Linked to Chronic Diseases - Ultra-processed foods have been linked to an increased risk of various chronic diseases. Studies show that diets high in these foods increase the likelihood of developing cardiovascular diseases, certain cancers, and gastrointestinal disorders. Research from the British Medical Journal has found that a 10% increase in the consumption of ultra-processed foods is associated with a 12% increase in the risk of cancer​.

 

A diet high in UPF increases your chance of...

Heart disease by 68%

Alzheimer’s disease by 75%

Colon cancer in men by 72%

Obesity by 50%

Crohn’s disease by 70%

 

Impact on Mental Health

The effects of ultra-processed foods extend beyond physical health. There is growing evidence that diets rich in processed foods can negatively affect mental well-being. High sugar levels, unhealthy fats, and artificial additives can contribute to mood swings, anxiety, and even depression. On the other hand, whole foods rich in nutrients like omega-3 fatty acids and antioxidants are known to support brain health and emotional stability.


Disruption of Gut Health

The gut microbiome plays a crucial role in digestion, immunity, and even mental health. Ultra-processed foods, which lack dietary fiber and contain artificial additives, can disturb the balance of the gut microbiota. This disruption can lead to digestive problems and inflammation, further increasing the risk of diseases such as inflammatory bowel disease (IBD).

 

Encouraging Overconsumption

Ultra-processed foods are engineered to be “hyper-palatable,” making them hard to resist. Their combination of fats, sugars, and salts is designed to trigger the brain's reward system, encouraging people to eat more than they need. This contributes to overeating and is a major driver of the global obesity epidemic.


Environmental Concerns

Beyond the health risks, ultra-processed foods are also problematic for the environment. Their production often relies on industrial farming, excessive packaging, and long-distance transportation. This leads to a greater carbon footprint compared to locally sourced, whole foods. By reducing the consumption of ultra-processed foods, we not only improve our health but also contribute to environmental sustainability.​

 

Food & drink production is responsible for:

32% greenhouse gas emissions

40% of land use

70% of freshwater use

30% of plastic waste

 

seasonal veg boxseasonal veg box

 

What does a healthy diet look like?

 

A good diet is made up of natural whole foods. If the ingedients list is as long as your arm and you don't recognize what they are, then you shouldn't be eating it regularly. In fact the vast majority of your diet shouldn't come from a packet at all.
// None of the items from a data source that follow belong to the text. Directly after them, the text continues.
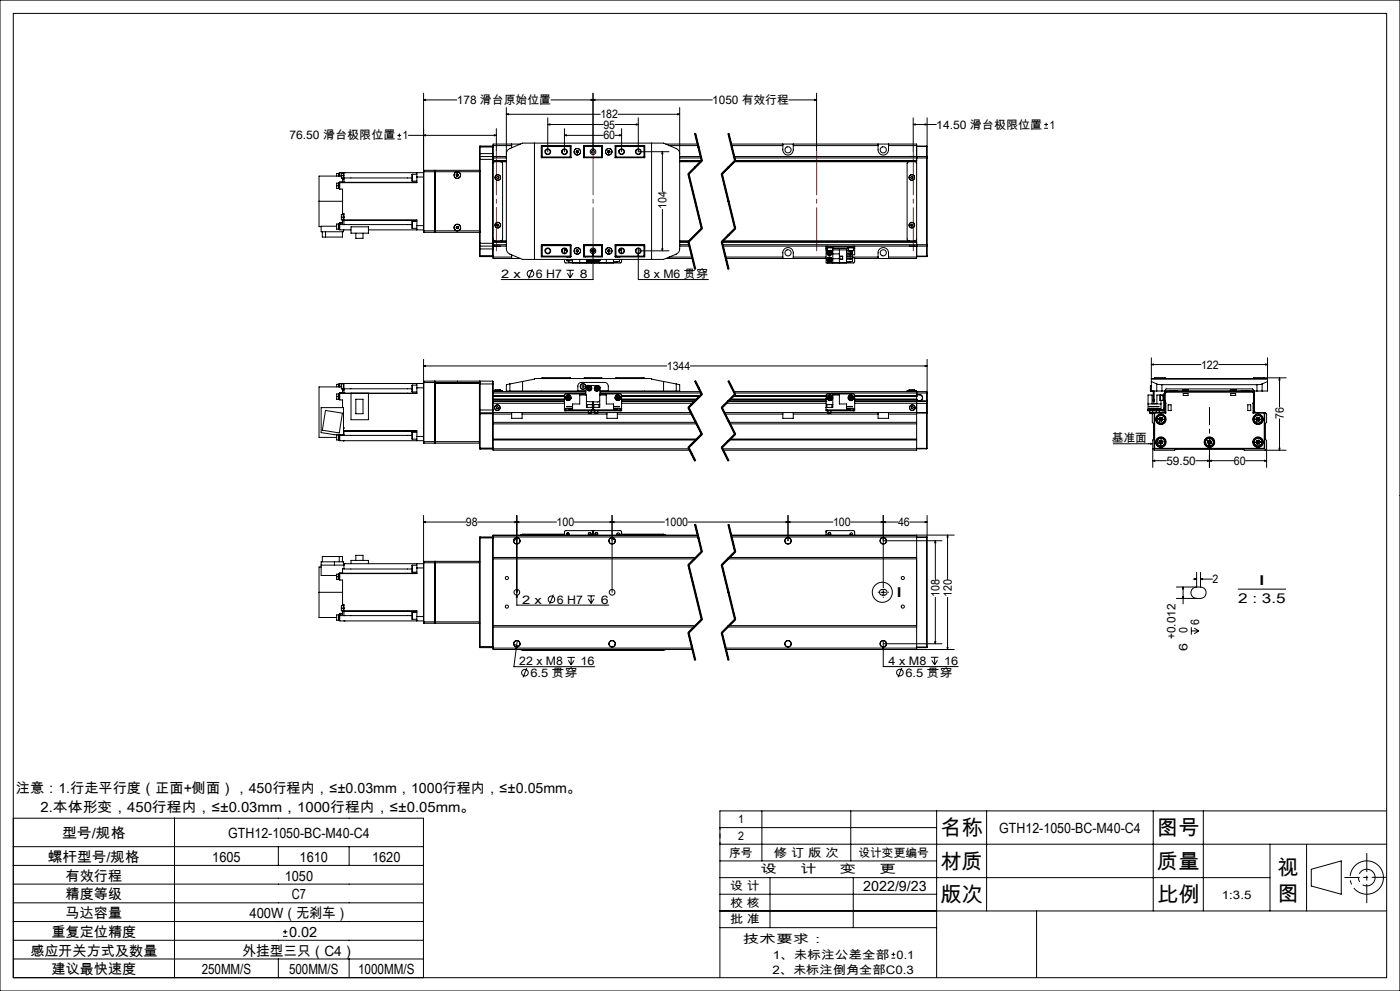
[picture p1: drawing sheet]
<svg xmlns="http://www.w3.org/2000/svg" width="420mm" height="297mm" viewBox="0 0 420 297" stroke-linecap="round" stroke-linejoin="round" font-family="sans-serif">
<g fill="none" stroke="#000" stroke-width=".3">
<path d="M0 0h420v297h-420zM4 4h412v289h-412zM127.1 29.9l.6-.1v.3zM127.1 27.9v41.3M127.1 29.9h10M148.9 38.6v6.9M151.9 34.3l.6-.2v.3zM151.9 32.2v42.4l.3 .9 .5 .5 4.1 1.7h42.3l4.3-1.9 .5-1.2v-42.4M151.9 34.3h28.2M164.3 37.3l.7-.2v.4zM164.3 37.3h16.7M164.3 35.3v10.2"/>
<path d="M165.3 29.9h48.4M169.3 38.6v6.9M177.3 29.8l.6 .1-.6 .2zM177.9 29.9l.6-.1v.3zM177.9 27.9v17.6M184.5 37.3h7M185.4 34.3h18.5M186.5 38.6v6.9M190.9 37.1l.6 .2-.6 .2zM191.5 35.3v10.2h9.2M203.3 34.1l.6 .2-.6 .1zM208.5 40l2 8.2"/>
<path d="M208.7 40l2 8.1M218.5 40l2 8.2-4 4 4 16.3-4 4 2 8.1M218.7 40l2 8.1M236.6 29.9h8.4M244.4 29.8l.6 .1-.6 .2zM245 27.9v17.6M274 37.3l.6-.2v.4zM274 37.3h6.9M274 35.3v10.2M277.5 37.1l.6 .2-.6 .2zM278.1 35.3v11.8M313.3 38.4h1.1"/>
<path d="M313.3 37.3h1.1M313.8 36.8v1.1M101 55.7v.8h.8M101 55.7h.9M101.6 54.9h-.6v.8M101.6 52h-.6v.8M101.8 54.8l.1 1.7M101.8 51.9v.9M101.9 54.6v.1M101.9 54.8h-.3v1.7M101.9 51.9h-.3v.9M101.9 54.7v2h.9v7.3"/>
<path d="M101.9 54.6h23.2M102.4 52.8h-6.7v7.5M102.4 52.6v.8h.6M102.4 52.6h.8M102.8 53.8v.7l-.9 .1M102.8 53.4v.4M102.8 51.7v.1M102.8 53.8h.4M103 51.7v1.7h.2M103 51.8h-.6v.8M103.2 54.6h.1M103.2 53.3v1.3"/>
<path d="M103.2 51.7v1.6M103.2 51.7h.1M103.2 53.3h20.4M119.2 41.7h1.2M119.2 40.6h1.2M119.8 40v1.1M122.5 40.6h26.4M123.7 52.2v2.1M123.7 52.2h1.4M123.7 54.3h1.4M125.1 51.7v1.4M125.1 53.1v1.6h-23.2"/>
<path d="M125.1 53.1h2M127.1 51.7h-25.2v1.1M127.1 40.6l.6-.2v.3zM127.1 51v.5h16.8v-.5h-13.4v.5M127.1 51v18.6M127.1 51h3.3M130.4 51v18.6M130.4 51l.1 .1M130.5 51.1v.4M130.5 51.5v17.7M130.5 51.1h.1M136.9 52.3v.4"/>
<path d="M136.9 52.7l.4 .1M137.1 52.1l.3 .2M137.1 52.1l-.2 .2M137.4 52.3l.1 .3M137.5 52.6l-.2 .2M143.9 51.1h.1M143.9 47v.8M143.9 46v1M143.9 47.8v25.1M143.9 47.8h4M143.9 46h4M143.9 44.1h4"/>
<path d="M144 46.9v26.9M144 43.8v3.1M144 43.8l-.1 2.2M144 46.9h3.8M144 43.8h3.8M144 46.9l-.1 .1M147.8 46.9v26.9M147.8 43.8v3.1M147.8 46.9l.1 .1M147.8 43.8h.1M147.9 46.9h.1M147.9 47v.8"/>
<path d="M147.9 47.8v25.1M147.9 46.9h4M147.9 48.1h4M147.9 43.6h5.6M147.9 47.3h4M148.3 40.4l.6 .2-.6 .1zM148.3 46.9h1.7M149.2 52.9l.5 .3-.2 .3h-.3l-.2-.3zM150.2 48.5l.6 .5v22.6l-.3 .5-.3 .1M151.9 48.5h-3.4l-.6 .5M151.9 46.1l.3-.9 .5-.5 4.1-1.8h42.3l4.1 1.8 .6 .7 .1 .7M153.5 43.2v1.1"/>
<path d="M156.1 43.2h-8.2v3.7M160.3 42.9v34.8M162.4 46.9h.1M162.4 43.7h8.9v3.6h-8.9zM162.5 43.8v3.5M162.5 43.8h8.8M162.5 43.8l.1 .1M162.6 43.9h8.5M162.6 43.9v3.2M162.6 47.1l-.1 .1h8.8M162.6 47.1h8.5M169.3 40.6l.6-.2v.3z"/>
<path d="M169.3 40.6h11.7M171.1 43.9v3.2M171.1 43.9l.1-.1v3.4l-.1-.1M172.9 45.6l.3 .2M172.9 45.3v.3M173.2 45.2l.3 .1M173.2 45.2l-.3 .1M173.5 45.3v.3M173.5 45.6l-.3 .2M175.1 43.7l.1 .1M175.1 43.7h5.6v3.6h-5.6zM175.1 43.8h5.6"/>
<path d="M175.1 47.2h5.6M175.2 43.8v3.4l.1-.1M175.2 43.8l.1 .1M175.3 43.9h5.2M175.3 43.9v3.2M175.3 47.1h5.2M180.5 43.9l.1-.1v3.4l-.1-.1M180.5 43.9v3.2M182.4 45.6l.2 .2M182.4 45.3v.3M182.6 45.2l.3 .1M182.6 45.2l-.2 .1"/>
<path d="M182.9 45.3v.3M182.9 45.6l-.3 .2M184.5 40.6h2M184.5 43.7h8.9v3.6h-8.9zM184.5 43.8h8.9M184.8 43.9l-.2-.1v3.4l.2-.1M184.8 43.9h8.4M184.8 43.9v3.2M184.8 47.1h8.4M185.2 43.7v.1M185.9 40.4l.6 .2-.6 .1zM193.2 43.9v3.2"/>
<path d="M193.2 47.1l.2 .1h-8.9M193.4 43.8v3.5M193.4 46.9h.1M193.4 43.8l-.2 .1M195.5 42.9v34.8M198.7 45.5l.2 .6h-.4zM198.7 45.5v11.9M199.7 43.2h9.6M200.7 43.6h8.7M203.9 48.5h6.3M203.9 46.9h6.3M203.9 48.1h6.6"/>
<path d="M203.9 47.3h6.4M206.4 52.2l4 16.3M206.7 52.1l4 16.3M208.4 40l2 8.2M210.4 48l-4 4M210.5 48.2l-4 4 4 16.3-4 4 2 8.1M210.7 48.3l-4 4M216.4 52.2l4 16.3M216.7 52.1l4 16.3M218.4 40l2 8.2M219.3 43.2h55.7v34.3h-18.6M219.4 43.6h15.4"/>
<path d="M220.2 48.5h54.2l.4 .1 .2 .4M220.2 46.9h57.8M220.3 47.3h57.7M220.4 48l-4 4M220.5 48.1h54.5M220.7 48.3l-4 4M234.8 43.2v1.7a1.57 1.57 0 0 0 1.6 1.6 1.57 1.57 0 0 0 1.6-1.6v-1.7M238 43.6h25.4M263.4 43.2v1.7a1.57 1.57 0 0 0 1.6 1.6 1.57 1.57 0 0 0 1.6-1.6v-1.7M266.6 43.6h8.4M272.7 48.5l-.6 .4v22.8l.2 .3 .4 .2M272.8 46.9h1.7"/>
<path d="M273.4 52.9h.4l-.2 .6-.3-.1-.1-.3zM275 43.8h3M275 43.9h3M278 46.9v.4M278 47.3h.1M278 46.9l.1 .2M278 43.8v.1M278 43.9v3M278 47.3v26M278.1 47.1v.2M278.1 47.3v26M95.7 60.3v7.6h.6"/>
<path d="M95.7 60.3h7.1M96.7 69.5v1.5h6v-1.5M97.6 69.5v1.5M101 67.8h-4.7v1.7h6.7v-.6M101.6 67.1h-.6v1.6h.6M101.8 67.1v1.7M101.9 66.9v.4M101.9 67.3v1.6h3.4M101.9 67.1h-.3v1.7h.3M101.9 67.3h21.7M102.4 65.1v.8h22.7v1.7M102.4 65.1h.8"/>
<path d="M102.8 64h.4v1.1M102.8 64v.3M102.8 66.1v.8h-.9M102.8 65.9v.2M102.8 66.7h-.9v.2M102.8 66.1h.4M103 64.3h-.6v.8M103.2 64.2h-.2v1.7M103.2 65.1v.9M103.2 67.3h.1M103.2 66v1.3M103.2 68.9h.1"/>
<path d="M103.2 66h21.9M105.3 68h5.2v1.9h-5.2zM106.8 69.9v1.5h2.1v-1.5M110.5 68.9h16.6M123.7 66.4v2M123.7 66.4h1.4M123.7 68.4h1.4M125.1 67.6v1.3M125.1 67.6h2M127.1 69.2h16.8v.4h-13.4M127.1 69.2v.4M127.1 69.6h3.3"/>
<path d="M130.5 69.2v.3M130.5 69.5h.1M130.5 69.5v.1M130.5 69.5l-.1 .1M130.5 69.2v.4M136.9 68.4l.3 .1M136.9 68v.4M137.2 67.9l.3 .1M137.2 67.9l-.3 .1M137.5 68v.4M137.5 68.4l-.3 .1M143.9 69.5h.1"/>
<path d="M143.9 72.9v.8M143.9 73.7v.9M143.9 74.6l.1 2.3M143.9 76.6h4M143.9 72.9h4M143.9 73.7l.1 .1M143.9 74.6h4M144 73.8v3.1M144 73.8h3.8M144 76.9h3.8M147.8 73.8v3.1M147.9 71.6l.5 .6h3.5"/>
<path d="M147.9 73.7h.1M147.9 72.9v.8M147.9 73.8v3.7h8.2M147.9 72.5h4M147.9 73.8h4M147.9 77h5.6M147.9 73.3h4M147.9 73.7l-.1 .1M147.9 76.8l-.1 .1M148.3 73.8h1.7M149 67.4l.3-.2 .3 .4-.2 .2-.3-.1zM153.5 76.4v1.1"/>
<path d="M162.4 73.8h.1M162.4 73.4h8.9v3.6h-8.9zM162.5 73.4v3.5M162.5 76.9h8.8M162.6 76.8h8.5M162.6 73.6v3.2M162.6 76.8l-.1 .1M162.6 73.6h8.5M169.3 77.7v.8l.4 .3h8M169.3 74.5v1.4M169.7 75.1h.3M169.7 74.6v.5"/>
<path d="M170 77h.1M170 75.2v.3M170 77.9v-.2v.4h1.8M170 75.2h.1M170.1 78.1h.4M170.7 76.9v.1M170.7 78.1v.6h1.1M171.1 73.6v3.2M171.1 73.6l.1-.1v3.4l-.1-.1M171.3 73.5h-8.8l.1 .1M171.8 77.7v1.1h12.2v-1.1M172.9 75.3l.3 .2"/>
<path d="M172.9 75v.3M173.2 74.9l.3 .1M173.2 74.9l-.3 .1M173.5 75v.3M173.5 75.3l-.3 .2M173.9 77.7v1.1M175.1 73.4h5.6v3.6h-5.6zM175.1 76.9h5.6M175.1 73.5h5.6M175.2 76.9l-.1 .1M175.3 73.6l-.1-.1v3.4M175.3 76.8h5.2"/>
<path d="M175.3 73.6v3.2M175.3 73.6h5.2M175.3 76.8l-.1 .1M175.6 76.9v.1M175.8 76.9v.1M175.9 77.7v1.1M176 78h.1M176 77.7v.3M176 78h1.5M176.2 78a.77 .77 0 0 0 .9 .6 .77 .77 0 0 0 .6-.9 .76 .76 0 0 1-.6 .8 .76 .76 0 0 1-.9-.5M176.4 76.9v.1M176.6 78l.2 .2"/>
<path d="M176.8 78v.2M177.1 78l.1 .1M177.2 78.1l-.4 .1M177.2 78v.1M177.5 75.1h.1M177.5 78h.1M177.5 75.3l.1 .2M177.6 75.1h-.1M177.6 75v.1M177.6 77.7v.3M177.6 74.9h.6M177.9 76.1l.1 .6h-.2z"/>
<path d="M177.9 74.3v9.5h-27.5M178.2 77.7a.76 .76 0 0 0 .6 .9 .76 .76 0 0 0 .8-.6 .74 .74 0 0 1-.8 .5 .74 .74 0 0 1-.6-.8M178.3 78h1.5M178.3 75.1h.1M178.3 75v.1M178.3 77.7v.3M178.3 75.3l-.1 .2M178.6 78l.4 .2M178.9 78l.1 .2M179.2 78l-.2 .2M179.5 76.9v.1M179.8 78h.1"/>
<path d="M179.8 77.7v.3M179.9 77.7v1.1M180.1 76.9v.1M180.5 73.6l.1-.1v3.4l-.1-.1M180.5 73.6v3.2M181.9 77.7v1.1M182.4 75.3l.2 .2M182.4 75v.3M182.6 74.9l.3 .1M182.6 74.9l-.2 .1M182.9 75v.3M182.9 75.3l-.3 .2"/>
<path d="M184.5 73.4h8.9v3.6h-8.9zM184.5 76.9h8.9M184.5 73.5h8.9l-.2 .1M184.8 73.6l-.2-.1v3.4l.2-.1M184.8 76.8h8.4M184.8 73.6v3.2M184.8 73.6h8.4M185.1 76.9v.1M185.1 78.4v.3h-1.1M185.8 75.1h.3M185.8 77h.1M185.8 77.9v-.2v.7h-1.8"/>
<path d="M186.1 75.1h-.3M186.1 74.6v.5M186.5 77.7v.8l-.4 .3h-8M186.5 74.5v1.4M191.5 75.2h9.2M191.5 76.1l.1 .6h-.3zM191.5 74.3v9.5h21M193.2 73.6v3.2M193.2 76.8l.2 .1M193.4 73.4v3.5M193.4 73.8h.1M198.5 74.6h.4l-.2 .6z"/>
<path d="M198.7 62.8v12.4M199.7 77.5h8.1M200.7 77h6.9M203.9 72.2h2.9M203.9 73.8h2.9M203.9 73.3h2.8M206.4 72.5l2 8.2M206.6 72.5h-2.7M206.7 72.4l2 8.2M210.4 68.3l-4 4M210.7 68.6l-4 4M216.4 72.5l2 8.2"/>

Only 1 in 10 children & 1 in 3 adults in the UK eat the minimum amount of veg & fruit they need.  You need a minimum of 400g of fresh veg & fruit every day and aim to eat at least 30 different types of veg, fruit, nuts & seeds per week. Cooking your meals from scratch is the best way to do this and means you know exactly what is in it. 
 
Never fear it doesn't mean you spend the rest of your life slaving over the stove or force feeding your family salad! We have plenty of simple recipes that use seasonal veg on our recipe blog.  Most of your favourite dishes can be made quite easily at home, and don't need to take hours or involve lots of complicated ingredients.